Even though judicial decisions are consistent, there aren’t many of them, and also any one person making a judgment call is out on a limb.
Individuals need to take refuge within communal expressions of appropriate fair use intepretation, within their community of practice.
Centerforsocialmedia.org/fairuse
Our website has all the documents generated by this project, including all the codes of best practices.
In the project, we worked with communities to define the situations in which they need to employ fair use, and to describe how they employ fair use within those situations.
Documentary filmmakers defined their problems with using copyrighted material, and discovered manifest self-censorship.
They designed a code of best practices in fair use, through their five national organizations.

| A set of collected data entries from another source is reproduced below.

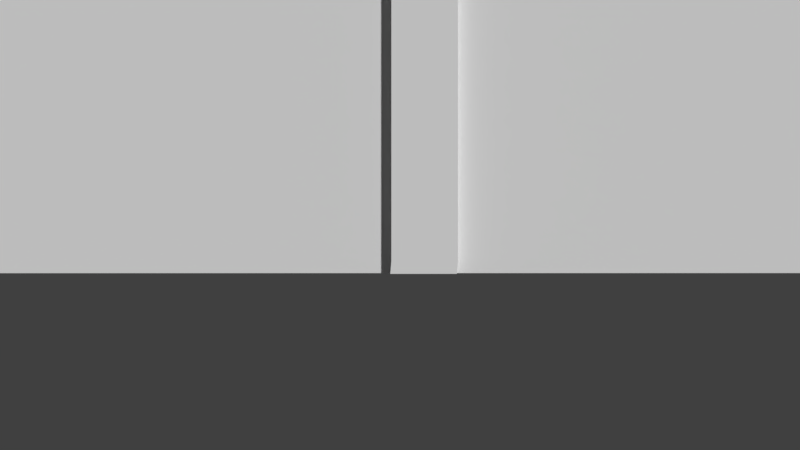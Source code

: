 # Source: dinding_mural.blend  (saved by Blender 2.79.0; exported with 4.5.12 LTS)
import bpy
from mathutils import Matrix  # noqa: F401  (used for matrix-valued properties, if any)

bpy.ops.wm.read_factory_settings(use_empty=True)
scene = bpy.context.scene
scene.name = 'Scene'

# ---- collections
col_collection_1 = bpy.data.collections.new('Collection 1'); scene.collection.children.link(col_collection_1)

# ---- materials (node trees are filled in below, after node groups)
mat_dindingpager = bpy.data.materials.new('dindingPager')
mat_dindingpager.alpha_threshold = 0.0
mat_dindingpager.use_transparent_shadow = False
mat_dindingpager.roughness = 0.5

# ---- material node trees

# ---- world
world_world = bpy.data.worlds.new('World'); scene.world = world_world
world_world.color = (0.05088, 0.05088, 0.05088)
world_world.use_sun_shadow = False
world_world.sun_shadow_jitter_overblur = 0.0
world_world.cycles.sampling_method = 'MANUAL'

# ---- cameras
cam_camera_001 = bpy.data.cameras.new('Camera.001')
cam_camera_001.clip_end = 100.0
cam_camera_001.lens = 35.0
cam_camera_001.sensor_width = 32.0
cam_camera_001.sensor_height = 18.0
cam_camera_001.display_size = 2.0
cam_camera_001.dof.focus_distance = 0.0
cam_camera_001.dof.aperture_fstop = 128.0
cam_camera_001.dof.aperture_blades = 6

# ---- meshes
me_cube_004 = bpy.data.meshes.new('Cube.004')
me_cube_004.from_pydata([(-52.43, -0.8548, 0.02294), (-52.47, -0.8548, 17.26), (-52.43, 1.514, 0.02294), (-52.47, 1.514, 17.26), (51.01, -0.8548, 0.02294), (51.05, -0.8548, 17.26), (51.01, 1.514, 0.02294), (51.05, 1.514, 17.26), (-52.46, -0.8548, 0.4593), (-52.46, -0.8548, 16.82), (-52.46, 1.514, 16.82), (-52.46, 1.514, 0.4593), (51.04, 1.514, 16.82), (51.04, 1.514, 0.4593), (51.04, -0.8548, 16.82), (51.04, -0.8548, 0.4593), (-0.3241, 1.514, 0.02294), (-0.284, 1.514, 17.26), (-0.3241, -0.8548, 0.02294), (-0.284, -0.8548, 17.26), (-0.2884, -0.8548, 0.4593), (-0.2884, -0.8548, 16.82), (-0.2884, 1.514, 0.4593), (-0.2884, 1.514, 16.82), (1.93, 1.514, 17.26), (1.892, -0.8548, 0.02326), (1.932, 1.514, 0.4593), (1.932, 1.514, 16.82), (1.892, 1.514, 0.02326), (1.93, -0.8548, 17.26), (1.932, -0.8548, 0.4593), (1.932, -0.8548, 16.82), (1.93, -1.303, 17.26), (-0.284, -1.303, 17.26), (1.932, -1.303, 0.4593), (-0.2884, -1.303, 0.4593), (1.932, -1.303, 16.82), (-0.2884, -1.303, 16.82), (-0.3241, -1.303, 0.02294), (1.892, -1.303, 0.02326), (1.93, -0.8548, 18.37), (-0.284, -0.8548, 18.37), (1.93, -1.303, 18.37), (-0.284, 1.514, 18.37), (1.93, 1.514, 18.37), (-0.284, -1.303, 18.37), (26.59, 1.514, 17.28), (26.57, -0.8548, 0.02681), (26.66, 1.514, 0.4593), (26.66, 1.514, 16.82), (26.57, 1.514, 0.02681), (26.59, -0.8548, 17.28), (26.66, -0.8548, 0.4593), (26.66, -0.8548, 16.82), (28.87, 1.514, 17.28), (28.85, -0.8548, 0.02714), (28.94, 1.514, 0.4593), (28.94, 1.514, 16.82), (28.85, 1.514, 0.02714), (28.87, -0.8548, 17.28), (28.94, -0.8548, 0.4593), (28.94, -0.8548, 16.82), (28.87, -1.229, 17.28), (26.59, -1.229, 17.28), (28.94, -1.229, 0.4593), (26.66, -1.229, 0.4593), (28.94, -1.229, 16.82), (26.66, -1.229, 16.82), (26.57, -1.229, 0.02681), (28.85, -1.229, 0.02714), (28.87, -0.8548, 18.28), (26.59, -0.8548, 18.28), (26.59, 1.514, 18.28), (28.87, 1.514, 18.28), (28.87, -1.229, 18.28), (26.59, -1.229, 18.28), (-26.11, 1.514, 0.01922), (-26.05, -0.8548, 17.24), (-26.12, -0.8548, 0.4593), (-26.12, -0.8548, 16.82), (-26.05, 1.514, 17.24), (-26.11, -0.8548, 0.01922), (-26.12, 1.514, 0.4593), (-26.12, 1.514, 16.82), (-23.63, 1.514, 17.25), (-23.69, -0.8548, 0.01961), (-23.7, 1.514, 0.4593), (-23.7, 1.514, 16.82), (-23.69, 1.514, 0.01961), (-23.63, -0.8548, 17.25), (-23.7, -0.8548, 0.4593), (-23.7, -0.8548, 16.82), (-23.63, -1.365, 17.25), (-26.05, -1.365, 17.24), (-23.7, -1.365, 0.4593), (-26.12, -1.365, 0.4593), (-23.7, -1.365, 16.82), (-26.12, -1.365, 16.82), (-26.11, -1.365, 0.01922), (-23.69, -1.365, 0.01961), (-23.63, -0.8548, 18.1), (-26.05, -0.8548, 18.1), (-26.05, 1.514, 18.1), (-23.63, 1.514, 18.1), (-23.63, -1.365, 18.1), (-26.05, -1.365, 18.1), (53.26, 1.514, 17.26), (53.22, -0.8548, 0.02326), (53.26, 1.514, 0.4593), (53.26, 1.514, 16.82), (53.22, 1.514, 0.02326), (53.26, -0.8548, 17.26), (53.26, -0.8548, 0.4593), (53.26, -0.8548, 16.82), (53.26, -1.303, 17.26), (51.05, -1.303, 17.26), (53.26, -1.303, 0.4593), (51.04, -1.303, 0.4593), (53.26, -1.303, 16.82), (51.04, -1.303, 16.82), (51.01, -1.303, 0.02294), (53.22, -1.303, 0.02326), (53.26, -0.8548, 18.37), (51.05, -0.8548, 18.37), (53.26, -1.303, 18.37), (51.05, 1.514, 18.37), (53.26, 1.514, 18.37), (51.05, -1.303, 18.37), (-54.68, 1.514, 17.26), (-54.64, -0.8548, 0.02326), (-54.68, 1.514, 0.4593), (-54.68, 1.514, 16.82), (-54.64, 1.514, 0.02326), (-54.68, -0.8548, 17.26), (-54.68, -0.8548, 0.4593), (-54.68, -0.8548, 16.82), (-54.68, -1.303, 17.26), (-52.47, -1.303, 17.26), (-54.68, -1.303, 0.4593), (-52.46, -1.303, 0.4593), (-54.68, -1.303, 16.82), (-52.46, -1.303, 16.82), (-52.43, -1.303, 0.02294), (-54.64, -1.303, 0.02326), (-54.68, -0.8548, 18.37), (-52.47, -0.8548, 18.37), (-54.68, -1.303, 18.37), (-52.47, 1.514, 18.37), (-54.68, 1.514, 18.37), (-52.47, -1.303, 18.37)], [], [(78, 79, 9, 8), (58, 6, 4, 55), (81, 78, 8, 0), (57, 12, 13, 56), (80, 3, 1, 77), (77, 1, 9, 79), (56, 13, 6, 58), (54, 7, 12, 57), (84, 17, 23, 87), (86, 22, 16, 88), (24, 17, 43, 44), (32, 29, 40, 42), (87, 23, 22, 86), (25, 30, 34, 39), (88, 16, 18, 85), (31, 29, 32, 36), (52, 53, 31, 30), (47, 52, 30, 25), (46, 24, 29, 51), (51, 29, 31, 53), (17, 24, 27, 23), (22, 26, 28, 16), (23, 27, 26, 22), (16, 28, 25, 18), (32, 33, 37, 36), (39, 34, 35, 38), (34, 36, 37, 35), (19, 21, 37, 33), (18, 25, 39, 38), (21, 20, 35, 37), (30, 31, 36, 34), (20, 18, 38, 35), (40, 41, 45, 42), (44, 43, 41, 40), (33, 32, 42, 45), (29, 24, 44, 40), (19, 33, 45, 41), (17, 19, 41, 43), (61, 59, 62, 66), (46, 51, 71, 72), (53, 52, 65, 67), (60, 61, 66, 64), (24, 46, 49, 27), (26, 48, 50, 28), (27, 49, 48, 26), (28, 50, 47, 25), (15, 14, 61, 60), (4, 15, 60, 55), (7, 54, 59, 5), (5, 59, 61, 14), (46, 54, 57, 49), (48, 56, 58, 50), (49, 57, 56, 48), (50, 58, 55, 47), (62, 63, 67, 66), (69, 64, 65, 68), (64, 66, 67, 65), (62, 59, 70, 74), (55, 60, 64, 69), (52, 47, 68, 65), (51, 53, 67, 63), (47, 55, 69, 68), (73, 72, 71, 70), (70, 71, 75, 74), (54, 46, 72, 73), (51, 63, 75, 71), (63, 62, 74, 75), (59, 54, 73, 70), (2, 76, 81, 0), (10, 83, 82, 11), (11, 82, 76, 2), (3, 80, 83, 10), (90, 91, 96, 94), (92, 89, 100, 104), (79, 78, 95, 97), (81, 85, 99, 98), (20, 21, 91, 90), (18, 20, 90, 85), (17, 84, 89, 19), (19, 89, 91, 21), (76, 88, 85, 81), (83, 87, 86, 82), (82, 86, 88, 76), (80, 84, 87, 83), (92, 93, 97, 96), (99, 94, 95, 98), (94, 96, 97, 95), (91, 89, 92, 96), (85, 90, 94, 99), (78, 81, 98, 95), (89, 84, 103, 100), (77, 79, 97, 93), (103, 102, 101, 100), (100, 101, 105, 104), (80, 77, 101, 102), (84, 80, 102, 103), (77, 93, 105, 101), (93, 92, 104, 105), (106, 7, 125, 126), (114, 111, 122, 124), (107, 112, 116, 121), (113, 111, 114, 118), (7, 106, 109, 12), (13, 108, 110, 6), (12, 109, 108, 13), (6, 110, 107, 4), (114, 115, 119, 118), (121, 116, 117, 120), (116, 118, 119, 117), (5, 14, 119, 115), (4, 107, 121, 120), (14, 15, 117, 119), (112, 113, 118, 116), (15, 4, 120, 117), (122, 123, 127, 124), (126, 125, 123, 122), (115, 114, 124, 127), (111, 106, 126, 122), (5, 115, 127, 123), (7, 5, 123, 125), (106, 111, 113, 109), (107, 110, 108, 112), (112, 108, 109, 113), (128, 3, 147, 148), (136, 133, 144, 146), (129, 134, 138, 143), (135, 133, 136, 140), (3, 128, 131, 10), (11, 130, 132, 2), (10, 131, 130, 11), (2, 132, 129, 0), (136, 137, 141, 140), (143, 138, 139, 142), (138, 140, 141, 139), (1, 9, 141, 137), (0, 129, 143, 142), (9, 8, 139, 141), (134, 135, 140, 138), (8, 0, 142, 139), (144, 145, 149, 146), (148, 147, 145, 144), (137, 136, 146, 149), (133, 128, 148, 144), (1, 137, 149, 145), (3, 1, 145, 147), (128, 133, 135, 131), (129, 132, 130, 134), (134, 130, 131, 135)])
_uv = me_cube_004.uv_layers.new(name='UVMap')
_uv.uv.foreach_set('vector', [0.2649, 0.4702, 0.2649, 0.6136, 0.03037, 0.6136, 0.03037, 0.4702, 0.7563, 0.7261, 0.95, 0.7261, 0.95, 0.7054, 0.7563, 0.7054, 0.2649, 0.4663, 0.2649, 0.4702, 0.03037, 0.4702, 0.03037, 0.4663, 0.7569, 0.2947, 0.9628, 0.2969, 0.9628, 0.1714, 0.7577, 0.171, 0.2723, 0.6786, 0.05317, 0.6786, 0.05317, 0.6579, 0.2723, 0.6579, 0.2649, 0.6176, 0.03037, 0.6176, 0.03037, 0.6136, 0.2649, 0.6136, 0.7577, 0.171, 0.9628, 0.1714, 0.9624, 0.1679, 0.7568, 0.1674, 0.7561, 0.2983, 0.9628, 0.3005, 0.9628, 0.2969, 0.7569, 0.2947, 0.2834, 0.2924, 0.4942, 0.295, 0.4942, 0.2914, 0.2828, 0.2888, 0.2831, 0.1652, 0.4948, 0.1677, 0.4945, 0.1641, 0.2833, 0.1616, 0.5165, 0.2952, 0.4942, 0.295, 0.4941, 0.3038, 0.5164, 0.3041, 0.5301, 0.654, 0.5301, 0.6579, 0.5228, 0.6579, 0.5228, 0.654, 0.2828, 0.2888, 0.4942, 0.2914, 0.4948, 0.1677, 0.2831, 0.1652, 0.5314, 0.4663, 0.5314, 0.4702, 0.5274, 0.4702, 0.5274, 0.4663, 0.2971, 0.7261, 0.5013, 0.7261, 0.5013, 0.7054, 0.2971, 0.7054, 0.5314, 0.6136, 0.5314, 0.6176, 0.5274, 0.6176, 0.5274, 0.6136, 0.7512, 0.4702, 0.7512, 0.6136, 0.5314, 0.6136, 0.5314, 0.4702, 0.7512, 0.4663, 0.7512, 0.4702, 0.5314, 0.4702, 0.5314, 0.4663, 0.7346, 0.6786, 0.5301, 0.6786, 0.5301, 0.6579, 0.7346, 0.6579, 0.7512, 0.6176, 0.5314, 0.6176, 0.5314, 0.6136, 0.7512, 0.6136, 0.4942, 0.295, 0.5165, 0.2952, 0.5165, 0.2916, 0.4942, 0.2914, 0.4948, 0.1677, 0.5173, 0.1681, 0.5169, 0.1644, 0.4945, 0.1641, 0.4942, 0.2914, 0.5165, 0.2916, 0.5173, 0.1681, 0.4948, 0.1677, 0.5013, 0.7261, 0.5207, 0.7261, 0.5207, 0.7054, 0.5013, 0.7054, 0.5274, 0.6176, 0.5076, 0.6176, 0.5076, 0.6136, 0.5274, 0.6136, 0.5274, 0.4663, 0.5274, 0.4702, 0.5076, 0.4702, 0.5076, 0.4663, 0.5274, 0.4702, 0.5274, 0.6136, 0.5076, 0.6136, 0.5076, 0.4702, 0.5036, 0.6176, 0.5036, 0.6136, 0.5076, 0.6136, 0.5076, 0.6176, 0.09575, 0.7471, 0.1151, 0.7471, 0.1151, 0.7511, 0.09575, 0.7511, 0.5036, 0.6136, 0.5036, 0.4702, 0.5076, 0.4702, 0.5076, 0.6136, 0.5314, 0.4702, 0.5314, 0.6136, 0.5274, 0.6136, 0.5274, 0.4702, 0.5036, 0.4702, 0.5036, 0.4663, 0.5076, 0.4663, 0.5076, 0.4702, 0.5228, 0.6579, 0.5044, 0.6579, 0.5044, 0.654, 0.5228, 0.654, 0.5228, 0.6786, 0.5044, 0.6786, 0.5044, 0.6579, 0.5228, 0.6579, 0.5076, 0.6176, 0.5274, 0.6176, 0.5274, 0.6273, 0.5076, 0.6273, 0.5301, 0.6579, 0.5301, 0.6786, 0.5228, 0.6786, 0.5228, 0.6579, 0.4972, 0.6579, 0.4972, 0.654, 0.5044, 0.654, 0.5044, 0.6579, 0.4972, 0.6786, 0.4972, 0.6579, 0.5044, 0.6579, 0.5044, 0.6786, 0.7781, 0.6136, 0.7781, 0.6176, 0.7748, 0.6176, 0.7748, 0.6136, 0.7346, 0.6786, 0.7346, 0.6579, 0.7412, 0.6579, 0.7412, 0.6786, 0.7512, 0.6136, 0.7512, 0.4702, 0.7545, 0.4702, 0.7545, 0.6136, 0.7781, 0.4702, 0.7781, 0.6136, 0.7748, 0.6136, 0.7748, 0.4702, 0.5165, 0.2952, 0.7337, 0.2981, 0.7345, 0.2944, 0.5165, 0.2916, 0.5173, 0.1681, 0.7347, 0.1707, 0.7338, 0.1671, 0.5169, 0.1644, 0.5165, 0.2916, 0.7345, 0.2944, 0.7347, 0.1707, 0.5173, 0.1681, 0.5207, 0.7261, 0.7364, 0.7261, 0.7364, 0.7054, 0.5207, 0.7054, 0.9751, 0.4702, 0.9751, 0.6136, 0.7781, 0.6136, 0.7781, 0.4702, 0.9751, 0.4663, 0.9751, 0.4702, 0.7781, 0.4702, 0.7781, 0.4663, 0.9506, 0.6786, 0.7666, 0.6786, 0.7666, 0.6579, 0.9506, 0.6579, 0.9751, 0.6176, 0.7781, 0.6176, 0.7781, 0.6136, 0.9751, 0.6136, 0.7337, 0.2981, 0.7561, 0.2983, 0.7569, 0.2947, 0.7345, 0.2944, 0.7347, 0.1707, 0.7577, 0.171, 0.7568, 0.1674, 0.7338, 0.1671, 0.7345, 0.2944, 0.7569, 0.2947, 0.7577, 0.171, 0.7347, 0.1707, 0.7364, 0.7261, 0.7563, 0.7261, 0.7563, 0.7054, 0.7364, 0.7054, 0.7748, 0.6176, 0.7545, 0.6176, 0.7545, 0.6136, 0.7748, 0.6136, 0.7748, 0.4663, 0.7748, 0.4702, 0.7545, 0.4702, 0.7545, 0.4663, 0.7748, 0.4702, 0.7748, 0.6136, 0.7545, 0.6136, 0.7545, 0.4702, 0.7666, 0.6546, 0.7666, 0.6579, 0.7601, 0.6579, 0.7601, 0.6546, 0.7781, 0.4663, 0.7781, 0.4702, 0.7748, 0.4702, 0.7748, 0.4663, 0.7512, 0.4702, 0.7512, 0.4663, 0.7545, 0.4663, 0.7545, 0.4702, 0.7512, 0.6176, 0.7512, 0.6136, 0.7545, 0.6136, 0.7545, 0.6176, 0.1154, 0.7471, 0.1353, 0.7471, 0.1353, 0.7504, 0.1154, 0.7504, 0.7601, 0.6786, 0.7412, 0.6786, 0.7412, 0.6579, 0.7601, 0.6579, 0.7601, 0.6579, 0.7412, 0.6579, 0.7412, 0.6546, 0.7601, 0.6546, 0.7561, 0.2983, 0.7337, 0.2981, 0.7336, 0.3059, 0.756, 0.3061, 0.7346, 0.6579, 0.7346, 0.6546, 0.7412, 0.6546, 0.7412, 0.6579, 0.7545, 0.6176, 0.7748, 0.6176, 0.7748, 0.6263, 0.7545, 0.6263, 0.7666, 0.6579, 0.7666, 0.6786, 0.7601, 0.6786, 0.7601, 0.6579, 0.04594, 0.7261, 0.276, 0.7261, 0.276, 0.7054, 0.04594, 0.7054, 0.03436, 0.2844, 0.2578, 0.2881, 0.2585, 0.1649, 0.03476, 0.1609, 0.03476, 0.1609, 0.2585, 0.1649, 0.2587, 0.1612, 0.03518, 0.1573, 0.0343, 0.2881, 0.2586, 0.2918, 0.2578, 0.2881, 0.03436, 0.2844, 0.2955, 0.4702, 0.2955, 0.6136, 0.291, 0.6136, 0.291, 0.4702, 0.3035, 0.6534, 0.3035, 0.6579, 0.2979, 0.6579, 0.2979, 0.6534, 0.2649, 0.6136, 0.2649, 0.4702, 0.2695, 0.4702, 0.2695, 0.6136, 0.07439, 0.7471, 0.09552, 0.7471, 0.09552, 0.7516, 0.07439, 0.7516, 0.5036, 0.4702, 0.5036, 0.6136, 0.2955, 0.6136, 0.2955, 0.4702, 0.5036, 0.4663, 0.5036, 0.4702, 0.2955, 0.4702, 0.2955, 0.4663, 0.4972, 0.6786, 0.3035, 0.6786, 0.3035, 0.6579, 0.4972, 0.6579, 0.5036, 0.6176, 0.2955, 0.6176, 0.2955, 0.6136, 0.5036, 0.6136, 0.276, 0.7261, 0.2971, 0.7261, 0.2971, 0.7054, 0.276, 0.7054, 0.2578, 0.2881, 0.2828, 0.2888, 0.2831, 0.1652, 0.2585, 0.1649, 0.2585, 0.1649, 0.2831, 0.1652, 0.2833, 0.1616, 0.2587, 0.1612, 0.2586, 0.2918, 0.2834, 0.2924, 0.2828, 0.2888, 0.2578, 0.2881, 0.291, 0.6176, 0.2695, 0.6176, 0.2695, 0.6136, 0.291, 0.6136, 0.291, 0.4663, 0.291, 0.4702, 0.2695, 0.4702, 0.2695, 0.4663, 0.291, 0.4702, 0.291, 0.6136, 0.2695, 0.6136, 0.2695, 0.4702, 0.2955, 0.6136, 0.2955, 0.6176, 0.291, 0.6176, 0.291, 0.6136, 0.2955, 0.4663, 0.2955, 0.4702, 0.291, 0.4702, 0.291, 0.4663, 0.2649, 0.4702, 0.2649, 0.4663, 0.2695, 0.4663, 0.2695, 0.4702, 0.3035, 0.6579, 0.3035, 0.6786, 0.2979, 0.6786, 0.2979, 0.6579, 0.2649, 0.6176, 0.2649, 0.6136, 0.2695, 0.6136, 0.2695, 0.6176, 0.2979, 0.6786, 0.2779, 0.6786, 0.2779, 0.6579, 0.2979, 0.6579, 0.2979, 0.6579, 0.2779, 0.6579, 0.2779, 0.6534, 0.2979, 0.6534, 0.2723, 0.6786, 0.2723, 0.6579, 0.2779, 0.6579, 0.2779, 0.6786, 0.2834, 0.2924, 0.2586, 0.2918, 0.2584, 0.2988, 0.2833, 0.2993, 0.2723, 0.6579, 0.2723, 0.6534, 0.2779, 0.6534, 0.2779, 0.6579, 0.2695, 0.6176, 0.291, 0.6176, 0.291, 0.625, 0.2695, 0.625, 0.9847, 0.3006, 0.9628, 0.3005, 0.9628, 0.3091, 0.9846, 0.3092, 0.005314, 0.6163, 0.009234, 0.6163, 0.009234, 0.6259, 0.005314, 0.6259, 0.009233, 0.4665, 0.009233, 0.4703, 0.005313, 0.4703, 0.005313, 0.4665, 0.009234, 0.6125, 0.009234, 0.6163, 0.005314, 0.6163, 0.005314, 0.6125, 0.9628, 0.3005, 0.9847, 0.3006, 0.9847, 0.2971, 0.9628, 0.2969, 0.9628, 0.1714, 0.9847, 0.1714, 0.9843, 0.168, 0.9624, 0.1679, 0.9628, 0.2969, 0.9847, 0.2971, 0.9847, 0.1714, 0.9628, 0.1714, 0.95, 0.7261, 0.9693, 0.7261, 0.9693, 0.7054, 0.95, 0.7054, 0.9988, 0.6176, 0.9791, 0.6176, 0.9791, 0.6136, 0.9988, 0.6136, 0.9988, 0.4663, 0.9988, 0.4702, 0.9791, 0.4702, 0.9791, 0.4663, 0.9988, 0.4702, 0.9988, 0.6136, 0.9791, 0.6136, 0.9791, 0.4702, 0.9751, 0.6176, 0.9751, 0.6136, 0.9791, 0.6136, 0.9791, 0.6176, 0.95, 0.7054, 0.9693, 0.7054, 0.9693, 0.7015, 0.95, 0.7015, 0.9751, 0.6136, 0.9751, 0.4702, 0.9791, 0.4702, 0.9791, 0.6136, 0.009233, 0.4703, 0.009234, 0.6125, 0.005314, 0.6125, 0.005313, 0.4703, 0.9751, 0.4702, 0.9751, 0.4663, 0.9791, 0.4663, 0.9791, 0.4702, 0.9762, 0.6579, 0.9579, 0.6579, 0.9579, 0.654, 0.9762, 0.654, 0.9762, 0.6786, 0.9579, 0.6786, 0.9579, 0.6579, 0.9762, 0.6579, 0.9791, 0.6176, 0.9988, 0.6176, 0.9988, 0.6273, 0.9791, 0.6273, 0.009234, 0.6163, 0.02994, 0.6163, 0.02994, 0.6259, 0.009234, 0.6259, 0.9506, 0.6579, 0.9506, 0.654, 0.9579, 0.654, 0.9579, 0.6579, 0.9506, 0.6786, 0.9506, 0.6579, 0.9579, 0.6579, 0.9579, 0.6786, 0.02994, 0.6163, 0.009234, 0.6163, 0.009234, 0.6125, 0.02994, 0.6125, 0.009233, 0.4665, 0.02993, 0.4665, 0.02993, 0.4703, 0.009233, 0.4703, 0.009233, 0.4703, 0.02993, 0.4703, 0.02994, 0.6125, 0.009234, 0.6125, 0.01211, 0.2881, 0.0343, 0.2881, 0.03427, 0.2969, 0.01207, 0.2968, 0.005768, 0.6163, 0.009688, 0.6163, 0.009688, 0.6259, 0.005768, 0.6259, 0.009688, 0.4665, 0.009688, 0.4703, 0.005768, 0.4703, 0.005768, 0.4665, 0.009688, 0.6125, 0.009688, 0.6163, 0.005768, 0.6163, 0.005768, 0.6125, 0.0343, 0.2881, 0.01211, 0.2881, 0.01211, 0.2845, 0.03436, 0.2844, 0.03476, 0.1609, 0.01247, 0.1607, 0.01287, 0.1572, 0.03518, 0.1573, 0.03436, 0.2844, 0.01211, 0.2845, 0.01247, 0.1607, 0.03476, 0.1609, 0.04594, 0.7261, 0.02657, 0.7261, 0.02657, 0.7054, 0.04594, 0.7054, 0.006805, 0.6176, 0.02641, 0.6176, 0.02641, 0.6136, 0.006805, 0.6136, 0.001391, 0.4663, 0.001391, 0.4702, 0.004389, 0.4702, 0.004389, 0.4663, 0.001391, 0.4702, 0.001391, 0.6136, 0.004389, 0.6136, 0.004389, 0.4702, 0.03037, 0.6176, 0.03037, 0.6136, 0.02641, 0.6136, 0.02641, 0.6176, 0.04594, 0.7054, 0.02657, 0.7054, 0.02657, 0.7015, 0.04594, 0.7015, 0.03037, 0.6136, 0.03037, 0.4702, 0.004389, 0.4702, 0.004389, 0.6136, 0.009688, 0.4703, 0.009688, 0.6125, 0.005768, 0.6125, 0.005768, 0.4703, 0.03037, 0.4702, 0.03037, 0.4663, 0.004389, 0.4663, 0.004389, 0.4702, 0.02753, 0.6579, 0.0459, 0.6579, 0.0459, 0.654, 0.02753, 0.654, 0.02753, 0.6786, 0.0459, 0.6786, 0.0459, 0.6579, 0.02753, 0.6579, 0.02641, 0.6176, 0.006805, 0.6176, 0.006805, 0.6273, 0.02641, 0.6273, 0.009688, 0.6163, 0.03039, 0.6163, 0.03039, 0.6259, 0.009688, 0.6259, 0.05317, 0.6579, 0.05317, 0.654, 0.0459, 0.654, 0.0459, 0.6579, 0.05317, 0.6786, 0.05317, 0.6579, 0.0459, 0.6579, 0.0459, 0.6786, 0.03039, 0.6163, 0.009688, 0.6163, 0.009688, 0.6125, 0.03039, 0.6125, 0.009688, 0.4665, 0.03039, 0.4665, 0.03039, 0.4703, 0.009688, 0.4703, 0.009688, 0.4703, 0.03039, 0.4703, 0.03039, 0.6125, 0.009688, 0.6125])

There was dramatic and immediate effect.
Teachers came to us because they had a common problem whenever they taught using popular culture, and especially when they taught “media literacy”—criticism and analysis of popular culture. Once again we conducted research, and discovered teachers were overcomplying, avoiding teaching with this material when they used it, closed the classroom door and swore their students to secrecy. Used bad or inadequate material, e.g. making up their own ads to simulate common advertising. They too worked through their organizations to determine norms of interpretation, and again a legal advisory board looked over their work. The Ford Foundation paid for this.
They also saw dramatic change in practice.
When YouTube was bought by Google, Viacom sued YouTube for copyright infringement. Free speech advocates were concerned that any settlement could preclude fair use. We worked with Ford Foundation money to conduct research to identify the actual practices on online video sites of makers who use old work to make new work (e.g. mashups, fan videos, vids, remixes, recuperated video, material posted as an example of an issue that the poster wants to discuss). We found nine kinds of common uses. But there was no reachable “community” to convene through associations. We then convened electronically a group divided into fair use-friendly lawyers and DIY/new media/fan culture cultural studies experts, to construct a code of best practices. They worked over four months to establish a common understanding of 1) current practices 2) legally viable ways to phrase these practices 3) limits of fair use for these practices.
The code defined situations in which fair use applied, and described limitations.
Other groups are now developing and have developed codes of best practices in fair use. In each case, it changes practice. Fair use has become important in business, as codes of best practices become guides to more rationale business practices.
We are now working with research librarians, the largest and most influential group so far.
The utility of fair use is growing.
Some copyleft organizations are now turning to fair use.
Large businesses that depend upon fair use have demosntrated with economic reports the need to protect fair use in order to protect the 17 percent of the US economy—and the fastest growing part—that depends upon it.
There are growing constituencies within the nonprofit world.
The rhetoric of fair use does not invoke any warfare analogies; balance is the key concept.
The leader of the movement to restore fair use, Peter Jaszi, has two common sayings.
Scholars have opportunities to participate in this constructive approach.